With the increase of in-situ production, emissions from in-situ operations have grown 280% between 2005 and 2017, from 11 Mt CO2e to 42 Mt CO2e, while oil sands mining increased 77%. By 2030, in-situ operations are expected to be the single largest GHG emitter in Canada’s oil and gas sector, at 64 Mt CO2e per year; almost three times more than bitumen mining (22 Mt CO2e) and equivalent to the province of British Columbia’s emissions.

Canadian oil sands emissions per barrel

Source: Canada’s Fourth Biennial Report to the UN Climate Change (UNFCCC)

The reason emissions are so high for in-situ production is that large quantities of natural gas are burned to make the steam necessary to extract the bitumen from the oil sands. Due primarily to an increase in in-situ development, natural gas consumption for oil developed more than tripled, from 0.73 billion cubic feet a day in 2006 to 2.38 billions of cubic feet a day in 2016. This means that almost 30% of all natural gas consumed in Canada was for oil and gas development.

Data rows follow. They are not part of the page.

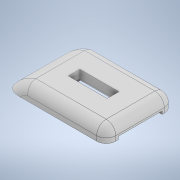
# Autodesk Inventor part: Case - Top
Saved by Autodesk Inventor 2020 (Build 240168000, 168)
## iProperties
Created: 2019-07-11
Part Number: Case - Top
Material: Generic
Document SubType Name: Modeling
Designer: tyrre
Density: 1 g/cm^3
Appearance: Default
Author: tyrre
Autodesk Inventor part; units mm, degrees
ref_plane "YZ Plane" through (0, 0, 0) normal (1, 0, 0) x (0, 1, 0)
ref_plane "XZ Plane" through (0, 0, 0) normal (0, 1, 0) x (-1, 0, 0)
ref_plane "XY Plane" through (0, 0, 0) normal (0, 0, 1) x (1, 0, 0)
sketch "Sketch1" plane through (0, 0, 0) normal (0, 0, 1) x (1, 0, 0)
  line L0 (-20.935, 3.75) -> (20.935, 3.75)
  line L1 (20.935, 3.75) -> (20.935, -3.75)
  line L2 (20.935, -3.75) -> (-20.935, -3.75)
  line L3 (-20.935, -3.75) -> (-20.935, 3.75)
  line L4 (-20.935, 3.75) -> (20.935, -3.75) construction
  line L5 (20.935, 3.75) -> (-20.935, -3.75) construction
  point P0 (0, 0)
  dimension "d0" = 41.87
  dimension "d1" = 7.5
  constraints: 12 end point, 2 midpoint, 2 parallel, 1 horizontal, 1 perpendicular
  measures "d0" distance of L1.end L2.end
  measures "d1" distance of L0.end L1.end
extrude "Extrusion1" add sketch "Sketch1" along normal mid plane 35.5
sketch "Sketch2" plane through (-20.935, -3.75, 17.75) normal (0, -1, 0) x (1, 0, 0)
  line L0 (0, -35.5) -> (0, 0) projected
  line L1 (0, -35.5) -> (0, -29.307)
  line L2 (0, -29.307) -> (5, -29.307)
  line L3 (5, -29.307) -> (5, -6.193)
  line L4 (5, -6.193) -> (41.87, -6.193)
  line L5 (41.87, -6.193) -> (41.87, -29.307)
  line L6 (41.87, -29.307) -> (5, -29.307)
  point P0 (20.935, -17.75)
  dimension "d4" = 6.193
  dimension "d5" = 5
  dimension "d6" = 23.114
  dimension "d7" = 36.87
  constraints: 12 end point, 3 perpendicular, 2 parallel, 1 point on line
  measures "d4" distance of L0.start L1.end
  measures "d5" distance of L1.end L2.end
  measures "d6" distance of L2.end L3.end
  measures "d7" distance of L3.end L4.end
extrude "Extrusion2" cut sketch "Sketch2" against normal blind 1.6
sketch "Sketch3" plane through (-20.935, -2.15, 17.75) normal (0, -1, 0) x (1, 0, 0)
  line L0 (5, -29.307) -> (5, -6.193) projected
  line L1 (5, -29.307) -> (5, -21.75)
  line L2 (5, -21.75) -> (5, -13.75)
  line L3 (5, -13.75) -> (40, -13.75)
  line L4 (40, -13.75) -> (40, -21.75)
  line L5 (40, -21.75) -> (5, -21.75)
  point P0 (20.935, -17.75)
  dimension "d10" = 7.557
  dimension "d11" = 8
  dimension "d12" = 35
  constraints: 10 end point, 2 parallel, 2 point on line, 1 perpendicular
  measures "d10" distance of L0.start L1.end
  measures "d11" distance of L1.end L2.end
  measures "d12" distance of L2.end L3.end
extrude "Extrusion3" cut sketch "Sketch3" against normal blind 1.6
fillet "Fillet1" radius 5 2 edges at (0, 3.75, 17.75) (0, 3.75, -17.75)
fillet "Fillet2" radius 5 5 edges at (20.935, 2.2855, -16.2855) (20.935, -2.5, -17.75) (20.935, 2.2855, 16.2855) (20.935, -2.5, 17.75) (20.935, 3.75, 0)
sketch "Sketch5" plane through (-20.935, -0.55, 17.75) normal (0, -1, 0) x (1, 0, 0)
  line L0 (5, -29.307) -> (5, -21.75) projected
  line L1 (5, -21.75) -> (5, -20.85)
  line L2 (5, -29.307) -> (5, -6.193) projected
  line L3 (5, -20.85) -> (7.25, -20.85)
  line L4 (7.25, -20.85) -> (7.25, -14.65)
  line L5 (7.25, -14.65) -> (27.75, -14.65)
  line L6 (27.75, -14.65) -> (27.75, -20.85)
  line L7 (27.75, -20.85) -> (7.25, -20.85)
  point P0 (20.935, -17.75)
  dimension "d22" = 0.9
  dimension "d23" = 2.25
  dimension "d24" = 6.2
  dimension "d25" = 20.5
  constraints: 12 end point, 2 parallel, 1 horizontal, 1 perpendicular, 1 point on line, 1 vertical
  measures "d22" distance of L0.end L1.end
  measures "d23" distance of L1.end L3.end
  measures "d24" distance of L3.end L4.end
  measures "d25" distance of L4.end L5.end
extrude "Extrusion5" cut sketch "Sketch5" against normal through all
sketch "Sketch6" plane through (-20.935, -3.75, -17.75) normal (0, -1, 0) x (1, 0, 0)
  line L0 (0, 0) -> (0, 35.5) projected
  line L1 (0, 35.5) -> (-15, 35.5)
  line L2 (-15, 35.5) -> (-15, 0)
  line L3 (-15, 0) -> (0, 0)
  line L4 (0, 0) -> (0, 35.5)
  point P0 (20.935, 17.75)
  dimension "d28" = 15
  dimension "d29" = 35.5
  constraints: 8 end point, 2 parallel, 1 horizontal, 1 perpendicular
  measures "d28" distance of L3.end L2.end
  measures "d29" distance of L2.end L1.end
extrude "Extrusion6" add sketch "Sketch6" against normal blind 7.5
fillet "Fillet3" [suppressed]
sketch "Sketch7" plane through (0, 0, 17.75) normal (0, 0, 1) x (1, 0, 0)
  line L0 (-20.9589, -1.4001) -> (-20.9589, -3.75)
  line L1 (15.935, -3.75) -> (-35.935, -3.75) projected
  line L2 (-35.935, -3.75) -> (-20.9589, -3.75)
  line L3 (-20.9589, -3.75) -> (-20.9589, -14.15)
  line L4 (-20.9589, -14.15) -> (-35.935, -14.15)
  line L5 (-35.935, -14.15) -> (-35.935, -3.75)
  point P0 (0, 0)
  dimension "d33" = 10.4
  constraints: 10 end point, 2 parallel, 1 horizontal, 1 perpendicular, 1 point on line, 1 vertical
  measures "d33" distance of L0.end L3.end
extrude "Extrusion7" add sketch "Sketch7" against normal blind 35.5
sketch "Sketch8" plane through (0, 0, 17.75) normal (0, 0, 1) x (1, 0, 0)
  line L0 (-35.935, 3.75) -> (-35.935, -14.15) projected
  line L1 (-35.935, 3.75) -> (-20.935, 3.75) projected
  arc A0 (-20.935, 3.75) -> (-35.935, -14.15) centre (-14.1441, -17.1757) ccw
  line L2 (-35.935, -14.15) -> (-35.935, 3.75)
  point P0 (0, 0)
  dimension "d36" = 22
  constraints: 2 end point, 2 point on circle, 1 centre point, 1 collinear
  measures "d36" radius of A0
extrude "Extrusion8" cut sketch "Sketch8" against normal through all
sketch "Sketch9" plane through (0, 0, 17.75) normal (0, 0, 1) x (1, 0, 0)
  line L0 (-20.9589, -3.75) -> (-20.9589, -14.15) projected
  line L1 (-20.9589, -3.75) -> (-37.0076, -3.75)
  line L2 (-37.0076, -3.75) -> (-37.0076, -16.8891)
  line L3 (-37.0076, -16.8891) -> (-20.9589, -16.8891)
  line L4 (-20.9589, -16.8891) -> (-20.9589, -3.75)
  point P0 (0, 0)
  constraints: 8 end point, 2 parallel, 2 perpendicular
extrude "Extrusion9" cut sketch "Sketch9" against normal through all
fillet "Fillet4" radius 5 2 edges at (-26.8211, 0.8047, 17.75) (-26.8211, 0.8047, -17.75)
body "Solid1"

Declining natural gas prices have helped to support the growth of in-situ production. According to Alberta Energy, the falling price of natural gas has reduced operating costs for in-situ projects by C$2.80 per barrel, or approximately 15%, between 2014 and 2018.

Natural gas use for in-situ production increased more than five times from 2005 to 2016, and it’s expected to continue to grow. CERI estimates that total gas demand for the oil sands will increase from 3.5 billion cubic feet per day (BCFPD) in 2018 to 5.5 BCFPD by 2039, primarily for in-situ projects.

Natural gas demand for oil sands production 2007-2039

Source: AER, CERI

Despite growing production, innovations in in-situ operations might slow the growth in emissions. Technologies, such as the use of waste heat (recovered from other industrial processes) and the injection of a solvent, along with steam, to reduce the volume of steam required in SAGD, have been tested and may reduce natural gas demand and eventually in-situ emissions in the future.

In-situ projects may also help to reduce overall emissions in Alberta due to the increased use of cogeneration plants. These plants, also known as combined heat and power (CHP), allow the use of natural gas for generating both electricity and steam. While producing electricity for powering in-situ facilities, CHP plants use exhaust heat from the turbine to produce the steam needed for bitumen extraction.

Over the next decade, more CHP plants are expected to be built at in-situ projects as they reduce the amount of natural gas needed to produce steam, as well as project electricity costs. Eventually, the excess electricity generated by CHPs can be sold to Alberta’s grid and reduce emissions from other fossil fuel burning power plants, particularly coal.

Cogeneration process

Source: Cenovus

Case study: Cenovus Foster Creek

In 2001, the Cenovus Foster Creek plant became the first commercial oil sands project to use SAGD technology. The project is located on the Cold Lake Air Weapons Range — an active Canadian military base, about 330 kilometres northeast of Edmonton, Alberta. The oil at Foster Creek sits about 450 metres below the surface. Foster Creek’s current capacity is 180,000 barrels of oil per day.